• About this task:
Everything from the line containing "# Drawn here: x" through the line containing "doc.layers.add(name, color=color, linetype=linetype)" should be repeated exactly, and nothing else from the data.

• Records supplied:
+---+

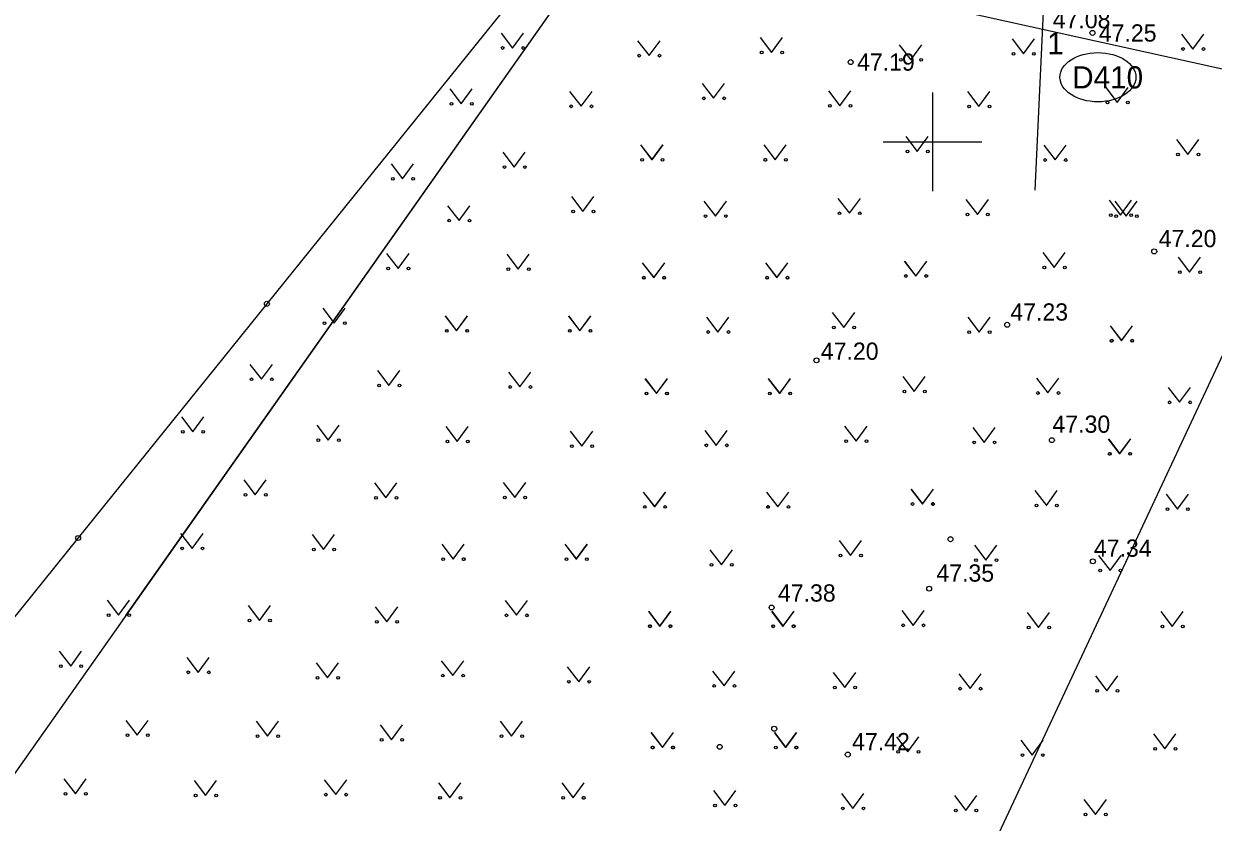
# Model space of a CAD drawing. Extents: x 641249 to 641933, y 6455704 to 6456001.
# Drawn here: x 641813.13 to 641861.39, y 6455822.4 to 6455854.79 of the extents above; entities that cross this region are included whole.
import ezdxf

# ---------------------------------------------------------------- set-up
doc = ezdxf.new("R2010")
doc.units = 0
for name, color, linetype in [('41', 7, 'Continuous'), ('DTRASS', 7, 'Continuous'), ('HALJASTUS', 7, 'Continuous'), ('KAEVU_NR', 7, 'Continuous'), ('KORGUS', 7, 'Continuous'), ('PIIR', 7, 'Continuous'), ('TEE', 7, 'Continuous'), ('TORU_NR', 7, 'Continuous'), ('VORK', 7, 'Continuous')]:
    doc.layers.add(name, color=color, linetype=linetype)

# ---------------------------------------------------------------- blocks, each defined once
blk = doc.blocks.new('MURU79')
at = {"layer": '41'}
for p, q in [((-46.3, 60.7), (0, 0)), ((0, 0), (44.6, 60.7))]:
    blk.add_line(p, q, dxfattribs=at)
for centre in [(-40.1, 0), (42.8, 0)]:
    blk.add_circle(centre, 5.5, dxfattribs=at)
blk = doc.blocks.new('MURU87')
at = {"layer": '41'}
for p, q in [((-46.3, 60.7), (0, 0)), ((0, 0), (44.6, 60.7))]:
    blk.add_line(p, q, dxfattribs=at)
for centre in [(-40.1, 0), (42.8, 0)]:
    blk.add_circle(centre, 5.5, dxfattribs=at)
blk = doc.blocks.new('MUR114')
at = {"layer": '41'}
for p, q in [((-46.1, 60.8), (0.3, 0.1)), ((0.3, 0.1), (44.8, 60.8))]:
    blk.add_line(p, q, dxfattribs=at)
for centre in [(-39.8, 0.1), (43.1, 0.1)]:
    blk.add_circle(centre, 5.5, dxfattribs=at)
blk = doc.blocks.new('VKORI6')
for p, q in [((0, 200), (0, -200)), ((-200, 0), (200, 0))]:
    blk.add_line(p, q)
blk = doc.blocks.new('MUR105')
at = {"layer": '41'}
for p, q in [((-46.3, 60.7), (0, 0)), ((0, 0), (44.6, 60.7))]:
    blk.add_line(p, q, dxfattribs=at)
for centre in [(-40.1, 0), (42.8, 0)]:
    blk.add_circle(centre, 5.5, dxfattribs=at)
blk = doc.blocks.new('MUR106')
at = {"layer": '41'}
for p, q in [((-46.3, 60.7), (0, 0)), ((0, 0), (44.6, 60.7))]:
    blk.add_line(p, q, dxfattribs=at)
for centre in [(-40.1, 0), (42.8, 0)]:
    blk.add_circle(centre, 5.5, dxfattribs=at)
blk = doc.blocks.new('MURU81')
at = {"layer": '41'}
for p, q in [((-46.3, 60.7), (0, 0)), ((0, 0), (44.6, 60.7))]:
    blk.add_line(p, q, dxfattribs=at)
for centre in [(-40.1, 0), (42.8, 0)]:
    blk.add_circle(centre, 5.5, dxfattribs=at)

msp = doc.modelspace()

# ---------------------------------------------------------------- linework, layer by layer
at = {"layer": 'DTRASS'}
for p, q in [((641854.509, 6455855.572), (641854.153, 6455848.036)), ((641867.815, 6455854.292), (641850.25, 6455816.74))]:
    msp.add_line(p, q, dxfattribs=at)
at = {"layer": 'HALJASTUS'}
for p, q in [((641843.006, 6455854.23), (641843.47, 6455853.624)), ((641843.47, 6455853.624), (641843.915, 6455854.23)), ((641853.228, 6455854.183), (641853.691, 6455853.577)), ((641853.691, 6455853.577), (641854.137, 6455854.183)), ((641860.104, 6455854.376), (641860.568, 6455853.769)), ((641860.568, 6455853.769), (641861.013, 6455854.376)), ((641848.653, 6455853.937), (641849.117, 6455853.33)), ((641849.117, 6455853.33), (641849.562, 6455853.937)), ((641835.276, 6455852.05), (641835.739, 6455851.444)), ((641835.739, 6455851.444), (641836.185, 6455852.05)), ((641840.656, 6455852.376), (641841.119, 6455851.769)), ((641841.119, 6455851.769), (641841.565, 6455852.376)), ((641845.779, 6455852.073), (641846.242, 6455851.466)), ((641846.242, 6455851.466), (641846.688, 6455852.073)), ((641851.422, 6455852.043), (641851.885, 6455851.436)), ((641851.885, 6455851.436), (641852.331, 6455852.043)), ((641857.037, 6455852.211), (641857.5, 6455851.604)), ((641857.5, 6455851.604), (641857.946, 6455852.211)), ((641848.921, 6455850.223), (641849.384, 6455849.616)), ((641849.384, 6455849.616), (641849.83, 6455850.223)), ((641859.901, 6455850.097), (641860.364, 6455849.49)), ((641860.364, 6455849.49), (641860.81, 6455850.097)), ((641838.156, 6455849.876), (641838.619, 6455849.269)), ((641838.619, 6455849.269), (641839.065, 6455849.876)), ((641843.156, 6455849.876), (641843.619, 6455849.269)), ((641843.619, 6455849.269), (641844.065, 6455849.876)), ((641854.515, 6455849.874), (641854.978, 6455849.267)), ((641854.978, 6455849.267), (641855.424, 6455849.874)), ((641835.356, 6455847.786), (641835.819, 6455847.18)), ((641835.819, 6455847.18), (641836.265, 6455847.786)), ((641846.165, 6455847.71), (641846.628, 6455847.104)), ((641846.628, 6455847.104), (641847.074, 6455847.71)), ((641851.36, 6455847.666), (641851.823, 6455847.059)), ((641851.823, 6455847.059), (641852.269, 6455847.666)), ((641830.324, 6455847.413), (641830.788, 6455846.806)), ((641830.788, 6455846.806), (641831.233, 6455847.413)), ((641840.727, 6455847.6), (641841.19, 6455846.993)), ((641841.19, 6455846.993), (641841.636, 6455847.6)), ((641857.171, 6455847.635), (641857.635, 6455847.028)), ((641857.635, 6455847.028), (641858.08, 6455847.635)), ((641827.851, 6455845.476), (641828.314, 6455844.869)), ((641828.314, 6455844.869), (641828.76, 6455845.476)), ((641832.727, 6455845.44), (641833.19, 6455844.833)), ((641833.19, 6455844.833), (641833.636, 6455845.44)), ((641854.478, 6455845.507), (641854.941, 6455844.901)), ((641854.941, 6455844.901), (641855.387, 6455845.507)), ((641859.972, 6455845.321), (641860.435, 6455844.714)), ((641860.435, 6455844.714), (641860.881, 6455845.321)), ((641838.227, 6455845.1), (641838.69, 6455844.493)), ((641838.69, 6455844.493), (641839.136, 6455845.1)), ((641843.227, 6455845.1), (641843.69, 6455844.493)), ((641843.69, 6455844.493), (641844.136, 6455845.1)), ((641848.86, 6455845.166), (641849.323, 6455844.559)), ((641849.323, 6455844.559), (641849.769, 6455845.166)), ((641825.263, 6455843.257), (641825.726, 6455842.65)), ((641825.726, 6455842.65), (641826.172, 6455843.257)), ((641830.227, 6455842.94), (641830.69, 6455842.333)), ((641830.69, 6455842.333), (641831.136, 6455842.94)), ((641835.227, 6455842.94), (641835.69, 6455842.333)), ((641835.69, 6455842.333), (641836.136, 6455842.94)), ((641840.834, 6455842.895), (641841.297, 6455842.288)), ((641841.297, 6455842.288), (641841.743, 6455842.895)), ((641845.937, 6455843.077), (641846.401, 6455842.47)), ((641846.401, 6455842.47), (641846.846, 6455843.077)), ((641851.431, 6455842.89), (641851.895, 6455842.283)), ((641851.895, 6455842.283), (641852.34, 6455842.89)), ((641857.213, 6455842.544), (641857.676, 6455841.937)), ((641857.676, 6455841.937), (641858.122, 6455842.544)), ((641822.306, 6455840.976), (641822.769, 6455840.369)), ((641822.769, 6455840.369), (641823.215, 6455840.976)), ((641827.481, 6455840.729), (641827.944, 6455840.122)), ((641827.944, 6455840.122), (641828.39, 6455840.729)), ((641832.798, 6455840.664), (641833.262, 6455840.057)), ((641833.262, 6455840.057), (641833.707, 6455840.664)), ((641848.798, 6455840.482), (641849.261, 6455839.876)), ((641849.261, 6455839.876), (641849.707, 6455840.482)), ((641838.334, 6455840.395), (641838.797, 6455839.788)), ((641838.797, 6455839.788), (641839.243, 6455840.395)), ((641843.334, 6455840.395), (641843.797, 6455839.788)), ((641843.797, 6455839.788), (641844.243, 6455840.395)), ((641854.219, 6455840.421), (641854.683, 6455839.814)), ((641854.683, 6455839.814), (641855.128, 6455840.421)), ((641859.561, 6455840.042), (641860.025, 6455839.435)), ((641860.025, 6455839.435), (641860.47, 6455840.042)), ((641819.521, 6455838.841), (641819.984, 6455838.235)), ((641819.984, 6455838.235), (641820.43, 6455838.841)), ((641825.017, 6455838.51), (641825.48, 6455837.903)), ((641825.48, 6455837.903), (641825.926, 6455838.51)), ((641830.253, 6455838.448), (641830.717, 6455837.841)), ((641830.717, 6455837.841), (641831.162, 6455838.448)), ((641835.305, 6455838.263), (641835.769, 6455837.656)), ((641835.769, 6455837.656), (641836.214, 6455838.263)), ((641840.763, 6455838.297), (641841.226, 6455837.69)), ((641841.226, 6455837.69), (641841.672, 6455838.297)), ((641846.437, 6455838.463), (641846.9, 6455837.856)), ((641846.9, 6455837.856), (641847.346, 6455838.463)), ((641851.632, 6455838.418), (641852.095, 6455837.811)), ((641852.095, 6455837.811), (641852.541, 6455838.418)), ((641857.137, 6455837.954), (641857.6, 6455837.347)), ((641857.6, 6455837.347), (641858.046, 6455837.954)), ((641822.059, 6455836.29), (641822.523, 6455835.684)), ((641822.523, 6455835.684), (641822.968, 6455836.29)), ((641827.358, 6455836.167), (641827.821, 6455835.56)), ((641827.821, 6455835.56), (641828.267, 6455836.167)), ((641832.585, 6455836.177), (641833.048, 6455835.57)), ((641833.048, 6455835.57), (641833.494, 6455836.177)), ((641838.263, 6455835.797), (641838.726, 6455835.19)), ((641838.726, 6455835.19), (641839.172, 6455835.797)), ((641843.263, 6455835.797), (641843.726, 6455835.19)), ((641843.726, 6455835.19), (641844.172, 6455835.797)), ((641849.132, 6455835.918), (641849.595, 6455835.311)), ((641849.595, 6455835.311), (641850.041, 6455835.918)), ((641854.158, 6455835.859), (641854.621, 6455835.252)), ((641854.621, 6455835.252), (641855.067, 6455835.859)), ((641859.477, 6455835.707), (641859.94, 6455835.1)), ((641859.94, 6455835.1), (641860.386, 6455835.707)), ((641819.493, 6455834.116), (641819.956, 6455833.51)), ((641819.956, 6455833.51), (641820.402, 6455834.116)), ((641824.832, 6455834.071), (641825.295, 6455833.464)), ((641825.295, 6455833.464), (641825.741, 6455834.071)), ((641830.085, 6455833.677), (641830.548, 6455833.07)), ((641830.548, 6455833.07), (641830.994, 6455833.677)), ((641835.085, 6455833.677), (641835.548, 6455833.07)), ((641835.548, 6455833.07), (641835.994, 6455833.677)), ((641846.209, 6455833.829), (641846.672, 6455833.222)), ((641846.672, 6455833.222), (641847.118, 6455833.829)), ((641840.971, 6455833.454), (641841.435, 6455832.847)), ((641841.435, 6455832.847), (641841.88, 6455833.454)), ((641851.703, 6455833.642), (641852.167, 6455833.035)), ((641852.167, 6455833.035), (641852.612, 6455833.642)), ((641856.743, 6455833.224), (641857.206, 6455832.617)), ((641857.206, 6455832.617), (641857.652, 6455833.224)), ((641816.51, 6455831.409), (641816.973, 6455830.802)), ((641816.973, 6455830.802), (641817.419, 6455831.409)), ((641832.656, 6455831.401), (641833.119, 6455830.794)), ((641833.119, 6455830.794), (641833.565, 6455831.401)), ((641822.227, 6455831.188), (641822.691, 6455830.581)), ((641822.691, 6455830.581), (641823.136, 6455831.188)), ((641827.392, 6455831.132), (641827.855, 6455830.526)), ((641827.855, 6455830.526), (641828.301, 6455831.132)), ((641838.471, 6455830.954), (641838.935, 6455830.347)), ((641838.935, 6455830.347), (641839.38, 6455830.954)), ((641843.471, 6455830.954), (641843.935, 6455830.347)), ((641843.935, 6455830.347), (641844.38, 6455830.954)), ((641848.751, 6455830.993), (641849.215, 6455830.387)), ((641849.215, 6455830.387), (641849.66, 6455830.993)), ((641853.841, 6455830.909), (641854.304, 6455830.302)), ((641854.304, 6455830.302), (641854.75, 6455830.909)), ((641859.267, 6455830.951), (641859.73, 6455830.344)), ((641859.73, 6455830.344), (641860.176, 6455830.951)), ((641814.566, 6455829.339), (641815.03, 6455828.733)), ((641815.03, 6455828.733), (641815.475, 6455829.339)), ((641819.741, 6455829.088), (641820.205, 6455828.481)), ((641820.205, 6455828.481), (641820.65, 6455829.088)), ((641824.989, 6455828.867), (641825.452, 6455828.26)), ((641825.452, 6455828.26), (641825.898, 6455828.867)), ((641830.069, 6455828.954), (641830.532, 6455828.347)), ((641830.532, 6455828.347), (641830.978, 6455828.954)), ((641835.182, 6455828.707), (641835.645, 6455828.101)), ((641835.645, 6455828.101), (641836.091, 6455828.707)), ((641841.078, 6455828.535), (641841.542, 6455827.928)), ((641841.542, 6455827.928), (641841.987, 6455828.535)), ((641845.975, 6455828.468), (641846.438, 6455827.861)), ((641846.438, 6455827.861), (641846.884, 6455828.468)), ((641851.065, 6455828.426), (641851.528, 6455827.819)), ((641851.528, 6455827.819), (641851.974, 6455828.426)), ((641856.617, 6455828.342), (641857.08, 6455827.735)), ((641857.08, 6455827.735), (641857.526, 6455828.342)), ((641817.272, 6455826.533), (641817.735, 6455825.927)), ((641817.735, 6455825.927), (641818.181, 6455826.533)), ((641822.555, 6455826.497), (641823.018, 6455825.891)), ((641823.018, 6455825.891), (641823.464, 6455826.497)), ((641832.455, 6455826.5), (641832.918, 6455825.893)), ((641832.918, 6455825.893), (641833.364, 6455826.5)), ((641827.587, 6455826.354), (641828.05, 6455825.747)), ((641828.05, 6455825.747), (641828.496, 6455826.354)), ((641838.578, 6455826.035), (641839.042, 6455825.428)), ((641839.042, 6455825.428), (641839.487, 6455826.035)), ((641843.578, 6455826.035), (641844.042, 6455825.428)), ((641844.042, 6455825.428), (641844.487, 6455826.035)), ((641858.972, 6455825.985), (641859.436, 6455825.378)), ((641859.436, 6455825.378), (641859.881, 6455825.985)), ((641848.541, 6455825.859), (641849.004, 6455825.252)), ((641849.004, 6455825.252), (641849.45, 6455825.859)), ((641853.588, 6455825.732), (641854.052, 6455825.126)), ((641854.052, 6455825.126), (641854.497, 6455825.732)), ((641814.756, 6455824.16), (641815.22, 6455823.554)), ((641815.22, 6455823.554), (641815.665, 6455824.16)), ((641820.039, 6455824.089), (641820.503, 6455823.482)), ((641820.503, 6455823.482), (641820.948, 6455824.089)), ((641825.322, 6455824.125), (641825.786, 6455823.518)), ((641825.786, 6455823.518), (641826.231, 6455824.125)), ((641829.955, 6455824), (641830.418, 6455823.393)), ((641830.418, 6455823.393), (641830.864, 6455824)), ((641834.955, 6455824), (641835.418, 6455823.393)), ((641835.418, 6455823.393), (641835.864, 6455824)), ((641841.114, 6455823.688), (641841.577, 6455823.081)), ((641841.577, 6455823.081), (641842.023, 6455823.688)), ((641846.305, 6455823.568), (641846.769, 6455822.962)), ((641846.769, 6455822.962), (641847.214, 6455823.568)), ((641850.89, 6455823.484), (641851.353, 6455822.877)), ((641851.353, 6455822.877), (641851.799, 6455823.484)), ((641856.148, 6455823.316), (641856.611, 6455822.709)), ((641856.611, 6455822.709), (641857.057, 6455823.316))]:
    msp.add_line(p, q, dxfattribs=at)
for centre in [(641843.069, 6455853.624), (641843.898, 6455853.624), (641853.29, 6455853.577), (641854.119, 6455853.577), (641860.167, 6455853.769), (641860.995, 6455853.769), (641848.716, 6455853.33), (641849.544, 6455853.33), (641840.718, 6455851.769), (641841.547, 6455851.769), (641857.099, 6455851.604), (641857.928, 6455851.604), (641835.338, 6455851.444), (641836.167, 6455851.444), (641845.841, 6455851.466), (641846.67, 6455851.466), (641851.484, 6455851.436), (641852.313, 6455851.436), (641848.983, 6455849.616), (641849.812, 6455849.616), (641838.218, 6455849.269), (641839.047, 6455849.269), (641843.218, 6455849.269), (641844.047, 6455849.269), (641854.577, 6455849.267), (641855.406, 6455849.267), (641859.963, 6455849.49), (641860.792, 6455849.49), (641835.418, 6455847.18), (641836.247, 6455847.18), (641830.387, 6455846.806), (641831.215, 6455846.806), (641840.789, 6455846.993), (641841.618, 6455846.993), (641846.227, 6455847.104), (641847.056, 6455847.104), (641851.422, 6455847.059), (641852.251, 6455847.059), (641857.234, 6455847.028), (641858.063, 6455847.028), (641827.913, 6455844.869), (641828.742, 6455844.869), (641832.789, 6455844.833), (641833.618, 6455844.833), (641854.54, 6455844.901), (641855.369, 6455844.901), (641838.289, 6455844.493), (641839.118, 6455844.493), (641843.289, 6455844.493), (641844.118, 6455844.493), (641848.922, 6455844.559), (641849.751, 6455844.559), (641860.034, 6455844.714), (641860.863, 6455844.714), (641825.325, 6455842.65), (641826.154, 6455842.65), (641830.289, 6455842.333), (641831.118, 6455842.333), (641835.289, 6455842.333), (641836.118, 6455842.333), (641846, 6455842.47), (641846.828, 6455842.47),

+---+

• Task result:
# Drawn here: x 641813.13 to 641861.39, y 6455822.4 to 6455854.79 of the extents above; entities that cross this region are included whole.
import ezdxf

# ---------------------------------------------------------------- set-up
doc = ezdxf.new("R2010")
doc.units = 0
for name, color, linetype in [('41', 7, 'Continuous'), ('DTRASS', 7, 'Continuous'), ('HALJASTUS', 7, 'Continuous'), ('KAEVU_NR', 7, 'Continuous'), ('KORGUS', 7, 'Continuous'), ('PIIR', 7, 'Continuous'), ('TEE', 7, 'Continuous'), ('TORU_NR', 7, 'Continuous'), ('VORK', 7, 'Continuous')]:
    doc.layers.add(name, color=color, linetype=linetype)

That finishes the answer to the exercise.